• **Brief**: Please find the lines in the entries below that contain the word "Wait", and copy each one.

Extracted data entries:
::::
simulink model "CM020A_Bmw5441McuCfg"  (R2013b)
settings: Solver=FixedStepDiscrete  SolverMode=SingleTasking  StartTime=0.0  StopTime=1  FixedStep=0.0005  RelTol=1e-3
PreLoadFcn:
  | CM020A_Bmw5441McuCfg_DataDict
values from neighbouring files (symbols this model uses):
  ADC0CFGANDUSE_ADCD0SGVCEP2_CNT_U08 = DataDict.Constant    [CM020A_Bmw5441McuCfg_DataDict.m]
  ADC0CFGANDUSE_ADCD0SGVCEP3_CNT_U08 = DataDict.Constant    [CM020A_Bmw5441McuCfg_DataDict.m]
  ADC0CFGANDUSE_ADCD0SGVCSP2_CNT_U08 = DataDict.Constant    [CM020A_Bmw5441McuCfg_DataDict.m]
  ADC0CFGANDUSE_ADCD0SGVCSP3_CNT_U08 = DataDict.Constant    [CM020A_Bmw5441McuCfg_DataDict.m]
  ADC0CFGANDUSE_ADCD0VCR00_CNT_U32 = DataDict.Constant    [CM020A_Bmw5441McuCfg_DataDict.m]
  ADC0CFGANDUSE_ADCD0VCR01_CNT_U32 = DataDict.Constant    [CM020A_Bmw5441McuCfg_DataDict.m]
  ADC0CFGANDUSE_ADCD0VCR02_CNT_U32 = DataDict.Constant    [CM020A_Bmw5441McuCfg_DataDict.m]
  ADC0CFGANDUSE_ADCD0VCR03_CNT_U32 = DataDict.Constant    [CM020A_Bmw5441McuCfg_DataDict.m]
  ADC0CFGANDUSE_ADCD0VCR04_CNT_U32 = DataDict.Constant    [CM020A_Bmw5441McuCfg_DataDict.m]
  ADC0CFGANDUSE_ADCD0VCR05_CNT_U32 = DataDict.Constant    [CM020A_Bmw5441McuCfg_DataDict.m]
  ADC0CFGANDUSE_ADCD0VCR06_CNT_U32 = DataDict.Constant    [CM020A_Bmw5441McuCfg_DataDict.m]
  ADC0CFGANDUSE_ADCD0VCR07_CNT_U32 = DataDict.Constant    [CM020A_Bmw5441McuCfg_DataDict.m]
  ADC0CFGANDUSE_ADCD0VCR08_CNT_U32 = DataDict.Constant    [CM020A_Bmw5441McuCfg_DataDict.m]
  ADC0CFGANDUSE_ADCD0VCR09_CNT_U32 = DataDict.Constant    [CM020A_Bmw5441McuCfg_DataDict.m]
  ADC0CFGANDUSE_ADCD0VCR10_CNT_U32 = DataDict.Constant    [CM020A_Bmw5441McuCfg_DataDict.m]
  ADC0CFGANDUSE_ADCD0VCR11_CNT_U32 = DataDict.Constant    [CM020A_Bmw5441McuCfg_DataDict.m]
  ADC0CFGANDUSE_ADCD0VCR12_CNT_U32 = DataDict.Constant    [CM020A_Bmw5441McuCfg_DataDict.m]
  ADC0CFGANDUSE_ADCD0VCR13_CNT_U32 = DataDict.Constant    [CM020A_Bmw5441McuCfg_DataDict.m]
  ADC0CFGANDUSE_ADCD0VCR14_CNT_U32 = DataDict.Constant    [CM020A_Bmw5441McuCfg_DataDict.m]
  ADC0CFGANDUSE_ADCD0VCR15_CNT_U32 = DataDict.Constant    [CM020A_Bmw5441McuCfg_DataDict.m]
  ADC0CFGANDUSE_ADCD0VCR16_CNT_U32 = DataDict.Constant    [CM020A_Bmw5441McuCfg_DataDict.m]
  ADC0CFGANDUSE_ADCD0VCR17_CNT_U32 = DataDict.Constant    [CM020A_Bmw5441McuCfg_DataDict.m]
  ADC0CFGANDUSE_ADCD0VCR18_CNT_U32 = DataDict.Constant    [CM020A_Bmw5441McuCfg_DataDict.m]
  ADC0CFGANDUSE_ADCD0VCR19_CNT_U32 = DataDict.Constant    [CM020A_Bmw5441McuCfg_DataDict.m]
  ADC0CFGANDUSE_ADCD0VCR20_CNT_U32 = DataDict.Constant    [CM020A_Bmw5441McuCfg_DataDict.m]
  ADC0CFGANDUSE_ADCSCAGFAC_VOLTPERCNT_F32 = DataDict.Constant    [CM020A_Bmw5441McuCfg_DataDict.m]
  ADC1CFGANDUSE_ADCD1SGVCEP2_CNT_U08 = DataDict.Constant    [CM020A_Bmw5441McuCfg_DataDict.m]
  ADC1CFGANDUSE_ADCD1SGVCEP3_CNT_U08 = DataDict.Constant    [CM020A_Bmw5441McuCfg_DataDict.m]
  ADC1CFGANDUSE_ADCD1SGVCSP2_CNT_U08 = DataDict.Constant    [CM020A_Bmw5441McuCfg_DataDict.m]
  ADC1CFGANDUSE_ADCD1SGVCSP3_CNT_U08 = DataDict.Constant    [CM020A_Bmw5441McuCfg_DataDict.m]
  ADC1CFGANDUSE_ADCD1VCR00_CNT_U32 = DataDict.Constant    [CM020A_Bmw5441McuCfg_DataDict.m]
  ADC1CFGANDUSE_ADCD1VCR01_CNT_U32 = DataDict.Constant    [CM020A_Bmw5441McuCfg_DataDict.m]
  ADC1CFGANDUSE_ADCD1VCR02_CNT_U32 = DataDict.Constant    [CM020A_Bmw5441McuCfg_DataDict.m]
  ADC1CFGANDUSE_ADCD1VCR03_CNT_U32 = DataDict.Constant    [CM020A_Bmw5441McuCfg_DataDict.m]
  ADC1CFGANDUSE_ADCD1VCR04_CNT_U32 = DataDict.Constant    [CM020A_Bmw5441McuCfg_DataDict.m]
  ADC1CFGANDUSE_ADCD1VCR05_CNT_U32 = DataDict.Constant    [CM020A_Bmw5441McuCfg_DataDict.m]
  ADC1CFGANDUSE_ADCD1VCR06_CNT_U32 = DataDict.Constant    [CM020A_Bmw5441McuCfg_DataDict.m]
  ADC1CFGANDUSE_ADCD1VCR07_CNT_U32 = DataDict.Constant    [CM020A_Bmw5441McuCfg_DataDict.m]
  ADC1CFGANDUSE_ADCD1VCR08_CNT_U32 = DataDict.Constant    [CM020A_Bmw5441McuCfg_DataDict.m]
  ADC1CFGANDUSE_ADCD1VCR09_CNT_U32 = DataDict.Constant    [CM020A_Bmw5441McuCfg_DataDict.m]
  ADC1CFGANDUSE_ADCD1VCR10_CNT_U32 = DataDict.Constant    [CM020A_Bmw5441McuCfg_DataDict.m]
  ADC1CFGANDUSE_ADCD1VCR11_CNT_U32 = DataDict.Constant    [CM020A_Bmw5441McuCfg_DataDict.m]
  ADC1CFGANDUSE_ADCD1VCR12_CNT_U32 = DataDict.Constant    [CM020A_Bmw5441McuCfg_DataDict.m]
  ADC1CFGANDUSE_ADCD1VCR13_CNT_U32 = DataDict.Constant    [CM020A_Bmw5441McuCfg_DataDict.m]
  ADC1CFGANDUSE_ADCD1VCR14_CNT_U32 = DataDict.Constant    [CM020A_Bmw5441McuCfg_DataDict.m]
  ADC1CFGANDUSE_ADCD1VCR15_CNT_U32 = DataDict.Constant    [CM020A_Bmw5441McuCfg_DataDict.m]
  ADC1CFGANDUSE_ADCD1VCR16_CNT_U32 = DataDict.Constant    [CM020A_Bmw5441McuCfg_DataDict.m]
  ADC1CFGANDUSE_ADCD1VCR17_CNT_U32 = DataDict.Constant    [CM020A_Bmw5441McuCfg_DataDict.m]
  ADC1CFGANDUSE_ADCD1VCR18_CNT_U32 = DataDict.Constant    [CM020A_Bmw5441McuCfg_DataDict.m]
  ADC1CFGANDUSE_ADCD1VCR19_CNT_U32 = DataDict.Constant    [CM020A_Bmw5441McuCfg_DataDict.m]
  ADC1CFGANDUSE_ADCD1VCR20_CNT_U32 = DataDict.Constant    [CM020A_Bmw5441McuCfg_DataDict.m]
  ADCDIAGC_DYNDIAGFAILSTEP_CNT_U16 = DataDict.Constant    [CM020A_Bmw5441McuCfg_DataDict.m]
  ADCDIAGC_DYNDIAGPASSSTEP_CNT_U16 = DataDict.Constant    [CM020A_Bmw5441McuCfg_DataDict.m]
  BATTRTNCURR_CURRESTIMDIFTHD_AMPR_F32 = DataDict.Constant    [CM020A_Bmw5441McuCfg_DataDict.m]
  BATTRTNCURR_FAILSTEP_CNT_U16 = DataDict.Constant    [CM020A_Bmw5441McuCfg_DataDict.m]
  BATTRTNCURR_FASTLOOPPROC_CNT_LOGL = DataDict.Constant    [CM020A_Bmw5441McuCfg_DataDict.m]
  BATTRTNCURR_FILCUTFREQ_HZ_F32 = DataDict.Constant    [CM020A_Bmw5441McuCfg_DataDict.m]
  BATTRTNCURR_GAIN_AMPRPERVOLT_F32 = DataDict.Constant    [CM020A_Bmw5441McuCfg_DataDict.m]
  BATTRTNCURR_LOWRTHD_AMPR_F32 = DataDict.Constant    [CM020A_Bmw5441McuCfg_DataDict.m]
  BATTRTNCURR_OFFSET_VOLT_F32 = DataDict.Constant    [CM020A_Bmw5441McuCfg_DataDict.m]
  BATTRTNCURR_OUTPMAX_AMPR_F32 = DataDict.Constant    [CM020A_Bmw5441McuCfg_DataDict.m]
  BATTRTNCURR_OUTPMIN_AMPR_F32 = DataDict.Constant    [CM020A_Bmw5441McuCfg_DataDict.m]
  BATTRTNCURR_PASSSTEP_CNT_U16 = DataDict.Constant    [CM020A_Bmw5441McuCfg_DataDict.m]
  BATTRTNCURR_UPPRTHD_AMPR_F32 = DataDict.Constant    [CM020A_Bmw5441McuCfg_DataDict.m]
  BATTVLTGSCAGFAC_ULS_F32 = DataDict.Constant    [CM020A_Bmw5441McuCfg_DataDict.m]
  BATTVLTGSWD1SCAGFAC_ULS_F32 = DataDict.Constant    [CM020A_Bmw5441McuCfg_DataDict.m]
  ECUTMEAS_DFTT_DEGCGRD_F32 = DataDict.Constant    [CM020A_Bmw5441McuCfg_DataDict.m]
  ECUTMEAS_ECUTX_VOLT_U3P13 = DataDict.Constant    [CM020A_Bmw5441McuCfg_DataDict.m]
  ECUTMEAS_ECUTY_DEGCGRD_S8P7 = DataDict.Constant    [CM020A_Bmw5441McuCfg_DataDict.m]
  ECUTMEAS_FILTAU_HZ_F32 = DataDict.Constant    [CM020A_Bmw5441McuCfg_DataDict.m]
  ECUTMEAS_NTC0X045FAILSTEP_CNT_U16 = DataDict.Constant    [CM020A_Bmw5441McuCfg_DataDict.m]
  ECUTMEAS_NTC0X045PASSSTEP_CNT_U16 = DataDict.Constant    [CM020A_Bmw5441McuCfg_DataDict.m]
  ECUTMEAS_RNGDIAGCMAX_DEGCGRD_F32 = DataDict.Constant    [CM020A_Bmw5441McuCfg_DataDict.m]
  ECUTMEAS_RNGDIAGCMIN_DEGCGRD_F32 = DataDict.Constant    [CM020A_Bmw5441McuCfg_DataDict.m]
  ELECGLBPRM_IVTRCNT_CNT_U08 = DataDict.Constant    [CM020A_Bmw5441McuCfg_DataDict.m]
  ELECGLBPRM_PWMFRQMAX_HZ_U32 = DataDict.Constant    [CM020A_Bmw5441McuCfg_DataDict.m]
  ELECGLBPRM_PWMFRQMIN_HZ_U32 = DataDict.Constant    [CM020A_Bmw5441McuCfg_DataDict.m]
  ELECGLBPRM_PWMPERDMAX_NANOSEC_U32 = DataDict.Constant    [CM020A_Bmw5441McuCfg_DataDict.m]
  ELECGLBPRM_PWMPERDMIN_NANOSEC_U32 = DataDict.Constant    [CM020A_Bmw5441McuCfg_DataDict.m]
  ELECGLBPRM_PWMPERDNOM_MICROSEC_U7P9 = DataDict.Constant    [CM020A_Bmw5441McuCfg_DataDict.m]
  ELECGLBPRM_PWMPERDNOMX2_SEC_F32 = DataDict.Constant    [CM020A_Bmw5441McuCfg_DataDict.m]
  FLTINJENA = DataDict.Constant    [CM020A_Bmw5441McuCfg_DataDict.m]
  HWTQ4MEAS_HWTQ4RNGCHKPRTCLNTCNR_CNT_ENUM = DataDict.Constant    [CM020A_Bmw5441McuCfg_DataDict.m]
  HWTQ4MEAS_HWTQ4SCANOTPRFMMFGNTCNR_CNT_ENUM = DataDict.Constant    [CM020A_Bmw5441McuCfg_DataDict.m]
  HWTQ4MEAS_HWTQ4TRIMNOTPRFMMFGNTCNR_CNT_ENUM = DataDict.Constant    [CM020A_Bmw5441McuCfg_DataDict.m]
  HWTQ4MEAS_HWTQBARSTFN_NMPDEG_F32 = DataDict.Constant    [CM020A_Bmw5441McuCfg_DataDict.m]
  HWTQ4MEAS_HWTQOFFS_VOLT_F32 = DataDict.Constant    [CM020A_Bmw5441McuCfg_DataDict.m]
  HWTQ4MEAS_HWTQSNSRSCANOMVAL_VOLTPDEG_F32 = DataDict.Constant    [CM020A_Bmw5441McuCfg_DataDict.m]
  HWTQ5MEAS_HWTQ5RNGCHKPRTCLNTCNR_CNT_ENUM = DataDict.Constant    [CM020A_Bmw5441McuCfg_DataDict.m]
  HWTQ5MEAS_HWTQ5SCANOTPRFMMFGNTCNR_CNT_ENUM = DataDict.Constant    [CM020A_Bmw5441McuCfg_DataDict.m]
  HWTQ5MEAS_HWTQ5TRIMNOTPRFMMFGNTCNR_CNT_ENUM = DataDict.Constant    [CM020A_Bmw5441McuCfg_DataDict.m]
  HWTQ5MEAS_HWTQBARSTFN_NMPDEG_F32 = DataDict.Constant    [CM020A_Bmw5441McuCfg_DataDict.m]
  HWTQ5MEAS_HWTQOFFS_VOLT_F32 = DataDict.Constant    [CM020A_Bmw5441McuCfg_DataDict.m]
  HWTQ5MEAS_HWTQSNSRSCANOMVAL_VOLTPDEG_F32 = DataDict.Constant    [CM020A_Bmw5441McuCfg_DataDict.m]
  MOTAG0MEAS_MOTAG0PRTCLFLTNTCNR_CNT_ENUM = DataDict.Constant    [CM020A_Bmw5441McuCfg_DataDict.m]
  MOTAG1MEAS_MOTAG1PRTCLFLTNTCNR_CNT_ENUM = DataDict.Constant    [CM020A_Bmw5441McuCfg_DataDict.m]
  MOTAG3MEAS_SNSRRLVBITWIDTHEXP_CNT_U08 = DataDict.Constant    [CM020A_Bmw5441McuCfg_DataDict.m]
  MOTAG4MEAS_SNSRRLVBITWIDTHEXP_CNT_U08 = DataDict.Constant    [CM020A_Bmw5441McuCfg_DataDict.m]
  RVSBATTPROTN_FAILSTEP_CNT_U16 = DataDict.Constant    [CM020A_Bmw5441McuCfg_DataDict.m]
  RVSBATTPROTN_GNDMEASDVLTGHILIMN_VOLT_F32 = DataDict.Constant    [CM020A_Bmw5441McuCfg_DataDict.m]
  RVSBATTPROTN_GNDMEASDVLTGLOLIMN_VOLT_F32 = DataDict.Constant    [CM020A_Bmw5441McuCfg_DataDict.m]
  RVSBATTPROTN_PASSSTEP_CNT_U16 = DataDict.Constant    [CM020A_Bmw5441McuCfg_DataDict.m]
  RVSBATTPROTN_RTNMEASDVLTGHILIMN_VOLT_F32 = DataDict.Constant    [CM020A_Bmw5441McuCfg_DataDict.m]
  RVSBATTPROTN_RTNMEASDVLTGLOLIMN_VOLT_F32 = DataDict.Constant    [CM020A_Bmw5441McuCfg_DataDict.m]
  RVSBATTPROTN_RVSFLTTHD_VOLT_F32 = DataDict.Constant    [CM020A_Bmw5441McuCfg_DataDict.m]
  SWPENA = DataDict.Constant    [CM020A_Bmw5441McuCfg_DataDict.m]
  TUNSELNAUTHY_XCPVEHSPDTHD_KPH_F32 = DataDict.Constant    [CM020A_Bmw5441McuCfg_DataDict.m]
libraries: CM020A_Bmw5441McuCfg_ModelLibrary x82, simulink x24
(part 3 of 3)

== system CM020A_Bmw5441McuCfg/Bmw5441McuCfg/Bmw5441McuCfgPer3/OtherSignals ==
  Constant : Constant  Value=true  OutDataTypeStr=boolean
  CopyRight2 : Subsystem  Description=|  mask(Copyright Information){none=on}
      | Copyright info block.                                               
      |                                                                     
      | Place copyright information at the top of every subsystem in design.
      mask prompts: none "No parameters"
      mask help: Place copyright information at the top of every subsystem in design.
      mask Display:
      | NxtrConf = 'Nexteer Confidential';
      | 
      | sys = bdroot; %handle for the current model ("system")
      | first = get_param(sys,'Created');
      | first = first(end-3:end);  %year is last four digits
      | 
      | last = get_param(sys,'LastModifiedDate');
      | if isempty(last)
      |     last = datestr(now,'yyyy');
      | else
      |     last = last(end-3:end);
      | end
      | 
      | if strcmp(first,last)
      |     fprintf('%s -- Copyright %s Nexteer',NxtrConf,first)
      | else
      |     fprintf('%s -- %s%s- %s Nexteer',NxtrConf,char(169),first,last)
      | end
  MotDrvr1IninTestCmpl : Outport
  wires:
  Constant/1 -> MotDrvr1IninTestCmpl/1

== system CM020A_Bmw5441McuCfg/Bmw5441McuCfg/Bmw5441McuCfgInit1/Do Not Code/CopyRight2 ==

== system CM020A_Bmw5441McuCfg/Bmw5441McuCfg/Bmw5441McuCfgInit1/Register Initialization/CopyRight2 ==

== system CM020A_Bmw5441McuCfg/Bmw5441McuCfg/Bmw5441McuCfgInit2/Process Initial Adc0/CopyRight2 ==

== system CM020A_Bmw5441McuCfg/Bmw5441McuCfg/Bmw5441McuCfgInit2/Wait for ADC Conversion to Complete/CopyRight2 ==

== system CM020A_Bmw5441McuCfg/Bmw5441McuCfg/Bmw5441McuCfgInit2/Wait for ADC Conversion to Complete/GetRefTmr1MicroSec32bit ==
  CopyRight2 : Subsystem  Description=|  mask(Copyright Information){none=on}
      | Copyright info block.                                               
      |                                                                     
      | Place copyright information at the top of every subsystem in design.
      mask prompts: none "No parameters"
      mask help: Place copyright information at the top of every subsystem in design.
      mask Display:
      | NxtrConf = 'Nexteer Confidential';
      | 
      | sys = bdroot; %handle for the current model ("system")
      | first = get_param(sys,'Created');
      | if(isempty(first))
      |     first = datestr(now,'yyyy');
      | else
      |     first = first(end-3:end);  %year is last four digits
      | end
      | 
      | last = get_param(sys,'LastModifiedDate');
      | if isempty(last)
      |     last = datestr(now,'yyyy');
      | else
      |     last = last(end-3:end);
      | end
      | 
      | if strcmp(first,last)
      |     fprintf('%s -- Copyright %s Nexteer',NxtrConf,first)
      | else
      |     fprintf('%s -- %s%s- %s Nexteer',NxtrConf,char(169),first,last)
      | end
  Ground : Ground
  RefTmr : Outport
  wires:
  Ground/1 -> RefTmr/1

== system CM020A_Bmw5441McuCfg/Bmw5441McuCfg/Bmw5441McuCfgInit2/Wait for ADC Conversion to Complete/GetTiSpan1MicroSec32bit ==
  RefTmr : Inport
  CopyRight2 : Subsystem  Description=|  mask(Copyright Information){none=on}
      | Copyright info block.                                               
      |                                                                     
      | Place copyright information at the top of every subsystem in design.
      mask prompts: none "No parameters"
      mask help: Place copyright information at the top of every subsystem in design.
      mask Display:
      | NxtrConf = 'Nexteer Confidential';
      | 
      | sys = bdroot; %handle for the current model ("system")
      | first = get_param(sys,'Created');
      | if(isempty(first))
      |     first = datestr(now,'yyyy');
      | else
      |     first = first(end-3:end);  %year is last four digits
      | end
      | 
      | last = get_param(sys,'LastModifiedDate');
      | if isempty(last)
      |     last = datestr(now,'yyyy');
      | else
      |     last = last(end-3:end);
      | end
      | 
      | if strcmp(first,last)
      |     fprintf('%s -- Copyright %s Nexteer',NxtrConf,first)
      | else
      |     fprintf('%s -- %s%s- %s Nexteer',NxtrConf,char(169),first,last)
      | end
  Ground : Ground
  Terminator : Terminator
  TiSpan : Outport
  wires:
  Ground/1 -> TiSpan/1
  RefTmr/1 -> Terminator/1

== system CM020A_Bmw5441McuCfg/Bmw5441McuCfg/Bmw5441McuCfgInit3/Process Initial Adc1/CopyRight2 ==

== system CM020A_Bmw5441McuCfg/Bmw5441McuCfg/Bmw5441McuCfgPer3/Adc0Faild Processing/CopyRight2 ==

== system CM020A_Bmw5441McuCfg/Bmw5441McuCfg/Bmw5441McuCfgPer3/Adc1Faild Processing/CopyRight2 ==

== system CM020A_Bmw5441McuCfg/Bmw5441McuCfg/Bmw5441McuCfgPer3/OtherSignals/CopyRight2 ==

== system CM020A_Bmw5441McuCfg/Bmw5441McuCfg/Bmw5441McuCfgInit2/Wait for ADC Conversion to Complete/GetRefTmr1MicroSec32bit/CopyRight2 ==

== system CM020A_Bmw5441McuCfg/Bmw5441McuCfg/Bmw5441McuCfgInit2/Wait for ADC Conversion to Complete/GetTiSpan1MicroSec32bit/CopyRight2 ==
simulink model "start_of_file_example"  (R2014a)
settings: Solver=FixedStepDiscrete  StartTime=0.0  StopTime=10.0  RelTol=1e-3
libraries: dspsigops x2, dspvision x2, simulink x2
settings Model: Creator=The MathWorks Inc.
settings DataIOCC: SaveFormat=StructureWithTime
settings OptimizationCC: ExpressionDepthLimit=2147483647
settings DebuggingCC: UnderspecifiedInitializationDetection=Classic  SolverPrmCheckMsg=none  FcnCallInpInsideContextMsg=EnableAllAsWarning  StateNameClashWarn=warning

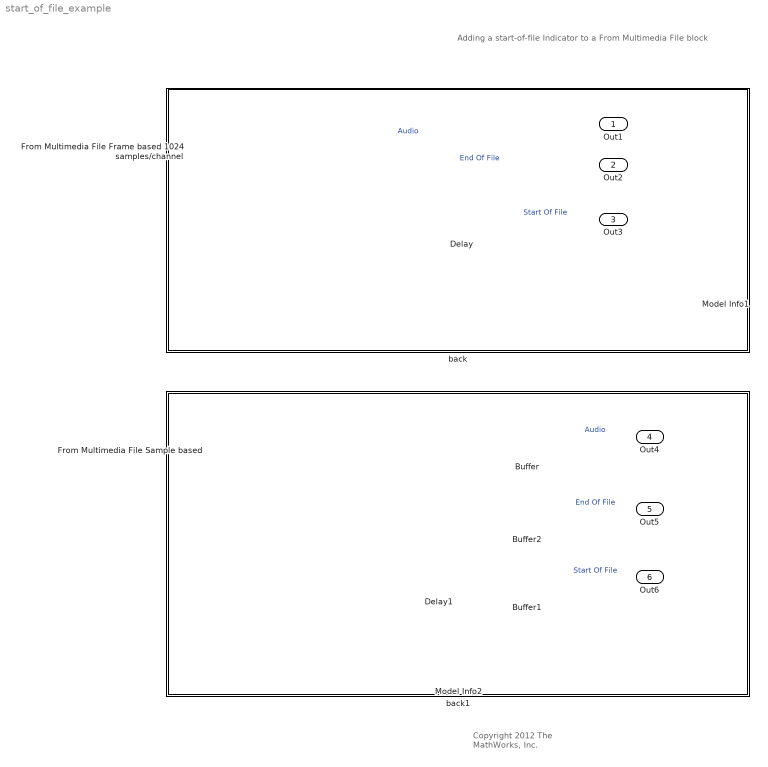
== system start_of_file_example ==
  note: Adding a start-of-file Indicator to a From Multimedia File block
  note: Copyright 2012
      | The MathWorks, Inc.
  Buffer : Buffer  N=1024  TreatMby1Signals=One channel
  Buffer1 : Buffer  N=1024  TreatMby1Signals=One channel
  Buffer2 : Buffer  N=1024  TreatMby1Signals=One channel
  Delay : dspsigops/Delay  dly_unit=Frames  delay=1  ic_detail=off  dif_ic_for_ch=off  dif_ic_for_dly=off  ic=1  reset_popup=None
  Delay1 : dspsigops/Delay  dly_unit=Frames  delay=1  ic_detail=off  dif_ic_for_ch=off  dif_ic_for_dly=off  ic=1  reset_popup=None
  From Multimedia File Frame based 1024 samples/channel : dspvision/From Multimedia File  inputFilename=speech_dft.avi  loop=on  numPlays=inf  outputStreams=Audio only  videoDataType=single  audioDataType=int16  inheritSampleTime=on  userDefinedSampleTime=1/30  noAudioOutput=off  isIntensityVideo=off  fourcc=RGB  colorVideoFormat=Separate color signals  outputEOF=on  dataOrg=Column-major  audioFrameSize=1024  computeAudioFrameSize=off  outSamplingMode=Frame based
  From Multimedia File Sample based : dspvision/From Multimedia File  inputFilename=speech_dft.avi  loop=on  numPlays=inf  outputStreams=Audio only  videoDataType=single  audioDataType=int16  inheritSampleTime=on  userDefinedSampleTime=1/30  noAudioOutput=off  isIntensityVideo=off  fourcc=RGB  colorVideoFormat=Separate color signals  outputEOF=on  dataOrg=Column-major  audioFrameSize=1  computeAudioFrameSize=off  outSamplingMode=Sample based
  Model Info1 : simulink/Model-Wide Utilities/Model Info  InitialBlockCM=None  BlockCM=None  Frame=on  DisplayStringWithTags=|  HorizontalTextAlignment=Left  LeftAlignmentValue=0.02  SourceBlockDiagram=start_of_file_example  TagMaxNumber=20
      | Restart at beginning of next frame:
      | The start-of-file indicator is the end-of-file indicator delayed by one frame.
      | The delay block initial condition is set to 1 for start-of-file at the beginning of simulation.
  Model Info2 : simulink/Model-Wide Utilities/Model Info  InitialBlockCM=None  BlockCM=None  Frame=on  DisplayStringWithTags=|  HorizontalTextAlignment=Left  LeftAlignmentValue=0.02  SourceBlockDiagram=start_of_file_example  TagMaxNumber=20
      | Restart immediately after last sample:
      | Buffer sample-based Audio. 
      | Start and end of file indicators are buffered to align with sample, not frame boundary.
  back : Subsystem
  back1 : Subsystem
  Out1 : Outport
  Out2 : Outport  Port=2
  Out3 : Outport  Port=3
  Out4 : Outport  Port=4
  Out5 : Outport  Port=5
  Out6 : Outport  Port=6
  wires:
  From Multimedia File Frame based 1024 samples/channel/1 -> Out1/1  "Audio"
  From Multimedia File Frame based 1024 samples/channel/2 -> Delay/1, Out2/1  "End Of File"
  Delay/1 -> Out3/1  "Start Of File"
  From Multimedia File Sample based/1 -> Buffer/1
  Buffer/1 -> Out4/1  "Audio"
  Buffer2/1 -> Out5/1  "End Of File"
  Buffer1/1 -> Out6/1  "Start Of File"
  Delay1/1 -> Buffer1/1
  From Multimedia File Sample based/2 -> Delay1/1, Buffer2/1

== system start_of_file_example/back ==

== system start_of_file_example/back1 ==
::::
• **Response**:
== system CM020A_Bmw5441McuCfg/Bmw5441McuCfg/Bmw5441McuCfgInit2/Wait for ADC Conversion to Complete/CopyRight2 ==
== system CM020A_Bmw5441McuCfg/Bmw5441McuCfg/Bmw5441McuCfgInit2/Wait for ADC Conversion to Complete/GetRefTmr1MicroSec32bit ==
== system CM020A_Bmw5441McuCfg/Bmw5441McuCfg/Bmw5441McuCfgInit2/Wait for ADC Conversion to Complete/GetTiSpan1MicroSec32bit ==
== system CM020A_Bmw5441McuCfg/Bmw5441McuCfg/Bmw5441McuCfgInit2/Wait for ADC Conversion to Complete/GetRefTmr1MicroSec32bit/CopyRight2 ==
== system CM020A_Bmw5441McuCfg/Bmw5441McuCfg/Bmw5441McuCfgInit2/Wait for ADC Conversion to Complete/GetTiSpan1MicroSec32bit/CopyRight2 ==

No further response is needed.